The Sentiment Distribution figure above reveals how sentiments are spread out. For example, you might observe a concentration of posts around 0.0 (neutral sentiment), with fewer posts at the extreme positive or negative ends. Comparing the two histograms can also show if one method tends to give more neutral vs. extreme scores than the other. In our analysis, both VADER and BERT histograms show the overall sentiment leaning and variability in the Facebook posts.

**Figure 5 (VADER Sentiment Categories by Day)** Decription: These visualizations extend our analysis of sentiment scores by breaking them down by day of the week. These figures help us understand how sentiment changes based on time context.

In [None]:
# Categorize VADER sentiment
def categorize(score):
    if score >= 0.05:
        return 'Positive'
    elif score <= -0.05:
        return 'Negative'
    else:
        return 'Neutral'

df['vader_category'] = df['vader_compound'].apply(categorize)

pivot = df.groupby('day_of_week')['vader_category'].value_counts().unstack().fillna(0).loc[days_order]
pivot.plot(kind='bar', stacked=True, figsize=(10, 6), colormap='viridis')
plt.title("VADER Sentiment Categories by Day of Week")
plt.xlabel("Day of Week")
plt.ylabel("Number of Posts")
plt.legend(title="Sentiment Category")
plt.grid(True, axis='y')
plt.tight_layout()
plt.savefig('experiments/figures/vader_sentiment_stacked_bar_by_day.png')
plt.show()


This stacked bar chart provides a breakdown of sentiment categories—**Positive**, **Neutral**, and **Negative**—for each day of the week using the VADER sentiment scores.
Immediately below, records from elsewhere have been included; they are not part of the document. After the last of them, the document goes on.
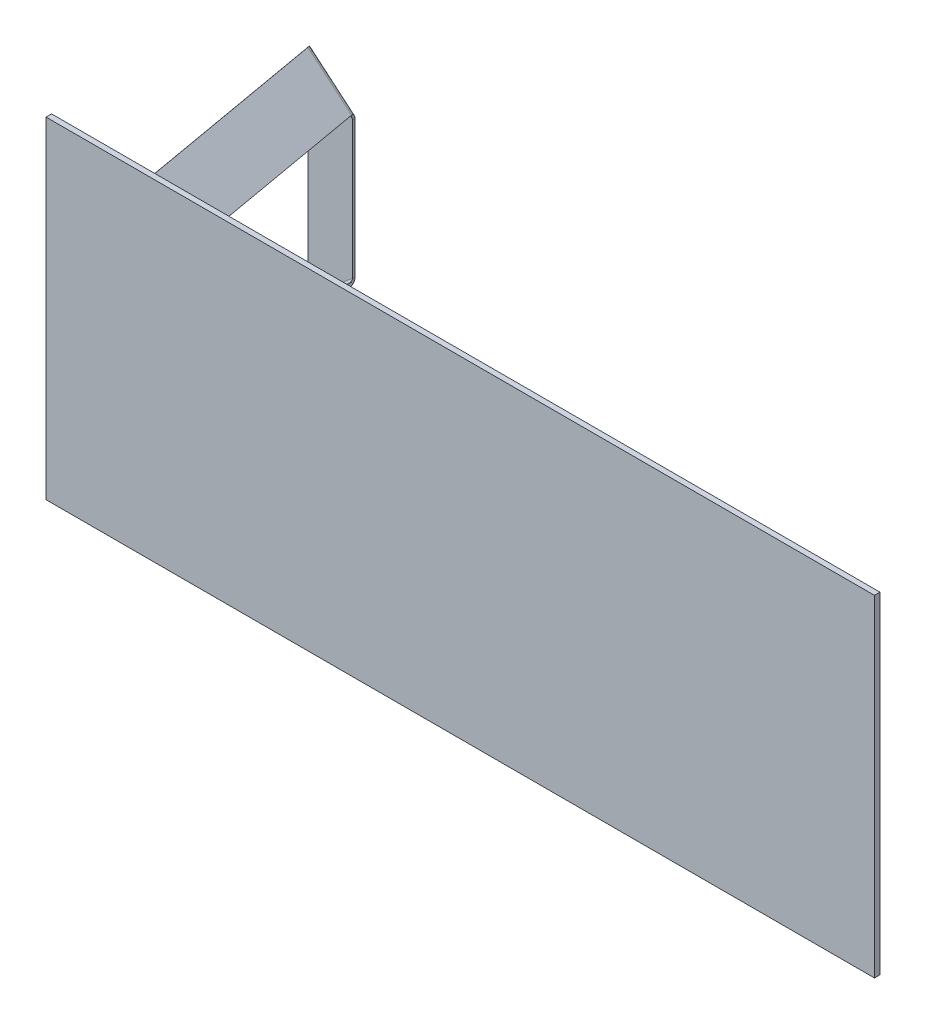
ISO-10303-21;
HEADER;
FILE_DESCRIPTION(('STEP AP214'),'2;1');
FILE_NAME('part.step','',(''),(''),'','','');
FILE_SCHEMA(('AUTOMOTIVE_DESIGN { 1 0 10303 214 1 1 1 1 }'));
ENDSEC;
DATA;
#1=APPLICATION_CONTEXT('core data for automotive mechanical design processes');
#2=APPLICATION_PROTOCOL_DEFINITION('international standard','automotive_design',2000,#1);
#3=PRODUCT_CONTEXT('',#1,'mechanical');
#4=PRODUCT('Part','Part','',(#3));
#5=PRODUCT_RELATED_PRODUCT_CATEGORY('part','',(#4));
#6=PRODUCT_DEFINITION_FORMATION('','',#4);
#7=PRODUCT_DEFINITION_CONTEXT('part definition',#1,'design');
#8=PRODUCT_DEFINITION('design','',#6,#7);
#9=PRODUCT_DEFINITION_SHAPE('','',#8);
#10=(LENGTH_UNIT() NAMED_UNIT(*) SI_UNIT(.MILLI.,.METRE.));
#11=(NAMED_UNIT(*) PLANE_ANGLE_UNIT() SI_UNIT($,.RADIAN.));
#12=(NAMED_UNIT(*) SI_UNIT($,.STERADIAN.) SOLID_ANGLE_UNIT());
#13=UNCERTAINTY_MEASURE_WITH_UNIT(LENGTH_MEASURE(1.E-05),#10,'distance_accuracy_value','');
#14=(GEOMETRIC_REPRESENTATION_CONTEXT(3) GLOBAL_UNCERTAINTY_ASSIGNED_CONTEXT((#13)) GLOBAL_UNIT_ASSIGNED_CONTEXT((#10,
#11,#12)) REPRESENTATION_CONTEXT('',''));
#15=CARTESIAN_POINT('',(0.,0.,0.));
#16=DIRECTION('',(0.,0.,1.));
#17=DIRECTION('',(1.,0.,0.));
#18=AXIS2_PLACEMENT_3D('',#15,#16,#17);
#19=CARTESIAN_POINT('',(-1395.82552863238,590.669632199509,123.420662326769));
#20=DIRECTION('',(-0.0729431107896774,0.0863637284494173,-0.993589758902859));
#21=DIRECTION('',(-0.763969998789818,-0.645251765552862,0.));
#22=AXIS2_PLACEMENT_3D('',#19,#20,#21);
#23=PLANE('',#22);
#24=DIRECTION('',(-0.763969998789818,-0.645251765552862,0.));
#25=VECTOR('',#24,1.);
#26=CARTESIAN_POINT('',(-693.30770802874,-241.102657639218,-0.452183874163709));
#27=LINE('',#26,#25);
#28=CARTESIAN_POINT('',(-565.953191350993,-133.538581998003,-0.452183874164125));
#29=VERTEX_POINT('',#28);
#30=CARTESIAN_POINT('',(-645.102645416704,-200.388491103525,-0.452183874163764));
#31=VERTEX_POINT('',#30);
#32=EDGE_CURVE('E559',#29,#31,#27,.T.);
#33=ORIENTED_EDGE('',*,*,#32,.F.);
#34=DIRECTION('',(0.641115546167312,-0.759072766906592,-0.113045968540943));
#35=VECTOR('',#34,1.);
#36=CARTESIAN_POINT('',(-1268.47101195463,698.233707840725,123.420662326769));
#37=LINE('',#36,#35);
#38=CARTESIAN_POINT('',(-568.517653535662,-130.502290930376,0.));
#39=VERTEX_POINT('',#38);
#40=EDGE_CURVE('E555',#39,#29,#37,.T.);
#41=ORIENTED_EDGE('',*,*,#40,.F.);
#42=DIRECTION('',(0.763969998789818,0.645251765552862,0.));
#43=VECTOR('',#42,1.);
#44=CARTESIAN_POINT('',(-695.872170213409,-238.066366571592,1.66533453693773E-13));
#45=LINE('',#44,#43);
#46=CARTESIAN_POINT('',(-647.667107601373,-197.352200035898,1.80411241501588E-13));
#47=VERTEX_POINT('',#46);
#48=EDGE_CURVE('E12',#47,#39,#45,.T.);
#49=ORIENTED_EDGE('',*,*,#48,.F.);
#50=DIRECTION('',(0.641115546167312,-0.759072766906592,-0.113045968540943));
#51=VECTOR('',#50,1.);
#52=CARTESIAN_POINT('',(-1347.62046602034,631.383798735203,123.420662326769));
#53=LINE('',#52,#51);
#54=EDGE_CURVE('E562',#47,#31,#53,.T.);
#55=ORIENTED_EDGE('',*,*,#54,.T.);
#56=EDGE_LOOP('',(#33,#41,#49,#55));
#57=FACE_BOUND('',#56,.T.);
#58=ADVANCED_FACE('F45',(#57),#23,.F.);
#59=CARTESIAN_POINT('',(-1425.76214597046,631.383798735202,-319.742826528724));
#60=DIRECTION('',(0.74754074595004,0.651005786871953,-0.131811602689928));
#61=DIRECTION('',(-0.173648177666935,0.,-0.984807753012208));
#62=AXIS2_PLACEMENT_3D('',#59,#60,#61);
#63=PLANE('',#62);
#64=DIRECTION('',(-0.173648177666935,0.,-0.984807753012208));
#65=VECTOR('',#64,1.);
#66=CARTESIAN_POINT('',(-723.244325366824,-200.388491103525,-443.615672729657));
#67=LINE('',#66,#65);
#68=CARTESIAN_POINT('',(-721.913441738413,-200.388491103525,-436.067856603821));
#69=VERTEX_POINT('',#68);
#70=EDGE_CURVE('E558',#31,#69,#67,.T.);
#71=ORIENTED_EDGE('',*,*,#70,.F.);
#72=ORIENTED_EDGE('',*,*,#54,.F.);
#73=DIRECTION('',(0.173648177666935,0.,0.984807753012207));
#74=VECTOR('',#73,1.);
#75=CARTESIAN_POINT('',(-725.808787551494,-197.352200035899,-443.163488855493));
#76=LINE('',#75,#74);
#77=CARTESIAN_POINT('',(-724.477903923082,-197.352200035899,-435.615672729657));
#78=VERTEX_POINT('',#77);
#79=EDGE_CURVE('E57',#78,#47,#76,.T.);
#80=ORIENTED_EDGE('',*,*,#79,.F.);
#81=CARTESIAN_POINT('',(-721.913441738413,-200.388491103525,-436.067856603821));
#82=CARTESIAN_POINT('',(-724.477903923083,-197.352200035899,-435.615672729657));
#83=B_SPLINE_CURVE_WITH_KNOTS('',1,(#81,#82),.UNSPECIFIED.,.F.,.F.,(2,2),(0.,1.),.UNSPECIFIED.);
#84=EDGE_CURVE('E561',#78,#69,#83,.F.);
#85=ORIENTED_EDGE('',*,*,#84,.T.);
#86=EDGE_LOOP('',(#71,#72,#80,#85));
#87=FACE_BOUND('',#86,.T.);
#88=ADVANCED_FACE('F592',(#87),#63,.F.);
#89=CARTESIAN_POINT('',(-725.808787551494,-202.621787056259,-443.163488855493));
#90=DIRECTION('',(0.641115546167312,-0.759072766906592,-0.113045968540943));
#91=DIRECTION('',(0.763969998789818,0.645251765552862,0.));
#92=AXIS2_PLACEMENT_3D('',#89,#90,#91);
#93=PLANE('',#92);
#94=DIRECTION('',(-0.763969998789818,-0.645251765552862,0.));
#95=VECTOR('',#94,1.);
#96=CARTESIAN_POINT('',(-721.913441738413,-200.388491103525,-436.067856603821));
#97=LINE('',#96,#95);
#98=CARTESIAN_POINT('',(-642.763987672702,-133.538581998003,-436.067856603821));
#99=VERTEX_POINT('',#98);
#100=EDGE_CURVE('E214',#99,#69,#97,.T.);
#101=ORIENTED_EDGE('',*,*,#100,.F.);
#102=DIRECTION('',(-0.173648177666935,0.,-0.984807753012208));
#103=VECTOR('',#102,1.);
#104=CARTESIAN_POINT('',(-644.015139083857,-133.538581998003,-443.163488855493));
#105=LINE('',#104,#103);
#106=EDGE_CURVE('E557',#29,#99,#105,.T.);
#107=ORIENTED_EDGE('',*,*,#106,.F.);
#108=ORIENTED_EDGE('',*,*,#32,.T.);
#109=ORIENTED_EDGE('',*,*,#70,.T.);
#110=EDGE_LOOP('',(#101,#107,#108,#109));
#111=FACE_BOUND('',#110,.T.);
#112=ADVANCED_FACE('F590',(#111),#93,.T.);
#113=CARTESIAN_POINT('',(-1346.53295968749,698.233707840724,-319.29064265456));
#114=DIRECTION('',(0.74754074595004,0.651005786871953,-0.131811602689928));
#115=DIRECTION('',(-0.173648177666935,0.,-0.984807753012208));
#116=AXIS2_PLACEMENT_3D('',#113,#114,#115);
#117=PLANE('',#116);
#118=ORIENTED_EDGE('',*,*,#40,.T.);
#119=ORIENTED_EDGE('',*,*,#106,.T.);
#120=CARTESIAN_POINT('',(-645.328449857372,-130.502290930377,-435.615672729657));
#121=CARTESIAN_POINT('',(-642.763987672703,-133.538581998003,-436.067856603821));
#122=B_SPLINE_CURVE_WITH_KNOTS('',1,(#120,#121),.UNSPECIFIED.,.F.,.F.,(2,2),(0.,1.),.UNSPECIFIED.);
#123=CARTESIAN_POINT('',(-645.328449857372,-130.502290930377,-435.615672729657));
#124=VERTEX_POINT('',#123);
#125=EDGE_CURVE('E565',#124,#99,#122,.T.);
#126=ORIENTED_EDGE('',*,*,#125,.F.);
#127=DIRECTION('',(-0.173648177666935,0.,-0.984807753012208));
#128=VECTOR('',#127,1.);
#129=CARTESIAN_POINT('',(-646.579601268527,-130.502290930377,-442.711304981329));
#130=LINE('',#129,#128);
#131=EDGE_CURVE('E66',#39,#124,#130,.T.);
#132=ORIENTED_EDGE('',*,*,#131,.F.);
#133=EDGE_LOOP('',(#118,#119,#126,#132));
#134=FACE_BOUND('',#133,.T.);
#135=ADVANCED_FACE('F581',(#134),#117,.T.);
#136=CARTESIAN_POINT('',(-728.373249736163,-199.585495988633,-442.711304981329));
#137=DIRECTION('',(0.641115546167312,-0.759072766906592,-0.113045968540943));
#138=DIRECTION('',(0.763969998789818,0.645251765552862,0.));
#139=AXIS2_PLACEMENT_3D('',#136,#137,#138);
#140=PLANE('',#139);
#141=ORIENTED_EDGE('',*,*,#131,.T.);
#142=DIRECTION('',(-0.763969998789818,-0.645251765552862,0.));
#143=VECTOR('',#142,1.);
#144=CARTESIAN_POINT('',(-724.477903923082,-197.352200035899,-435.615672729657));
#145=LINE('',#144,#143);
#146=EDGE_CURVE('E877',#124,#78,#145,.T.);
#147=ORIENTED_EDGE('',*,*,#146,.T.);
#148=ORIENTED_EDGE('',*,*,#79,.T.);
#149=ORIENTED_EDGE('',*,*,#48,.T.);
#150=EDGE_LOOP('',(#141,#147,#148,#149));
#151=FACE_BOUND('',#150,.T.);
#152=ADVANCED_FACE('F47',(#151),#140,.F.);
#153=CARTESIAN_POINT('',(-1395.82552863238,-590.669632199509,123.420662326769));
#154=DIRECTION('',(-0.0729431107896774,-0.0863637284494173,-0.993589758902859));
#155=DIRECTION('',(0.763969998789818,-0.645251765552862,0.));
#156=AXIS2_PLACEMENT_3D('',#153,#154,#155);
#157=PLANE('',#156);
#158=DIRECTION('',(0.763969998789818,-0.645251765552862,0.));
#159=VECTOR('',#158,1.);
#160=CARTESIAN_POINT('',(-693.307708028739,241.102657639218,-0.452183874163917));
#161=LINE('',#160,#159);
#162=CARTESIAN_POINT('',(-645.102645416704,200.388491103525,-0.452183874163931));
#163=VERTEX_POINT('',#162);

It helps visualize how the emotional tone of Facebook posts fluctuates throughout the week. For example, you can observe whether weekends tend to have more positive posts or if certain weekdays see spikes in negativity. The height of each stacked bar represents the total number of posts for that day, while the colored segments indicate how those posts are distributed across the sentiment categories.


## 5. Figure Usage

These figures are used in the final project presentation and in the report’s results section to support our findings:

- **Figure 1 (Sentiment Trend & Forecast)**: Included in the final presentation and report to discuss how sentiment in the group has evolved and the projected future trend.
  - File: `experiments/figures/sentiment_trend_forecast.png`

- **Figure 2 (VADER vs. BERT Scatter)**: Included in the presentation and report to demonstrate the consistency between two different sentiment analysis techniques. This supports the methodology by showing that both tools yield comparable results for most posts.
  - File: `experiments/figures/sentiment_scatter_vader_vs_bert.png`

- **Figure 3 (Sentiment Distributions)**: Used in the presentation and report to provide an overview of the overall sentiment breakdown. It highlights the proportion of posts that are neutral, positive, or negative in tone.
  - File: `experiments/figures/sentiment_score_distribution.png`

- **Figure 4 (Box Plots of Sentiment by Day of Week)**: Included in the presentation and report to analyze how sentiment varies throughout the week. This figure supports temporal sentiment insights.
  - File: `experiments/figures/sentiment_boxplots_by_day.png`

- **Figure 5 (VADER Sentiment Categories by Day)**: Used in the presentation and report to show trends in emotional tone by weekday. Helps identify patterns such as whether posts become more positive or negative on specific days.
  - File: `experiments/figures/vader_sentiment_stacked_bar_by_day.png`


## 6. Notes

- If real-time scraping is not feasible, ensure `otsego_good_maybe.csv` is updated and stored in the `data/` directory before running this notebook.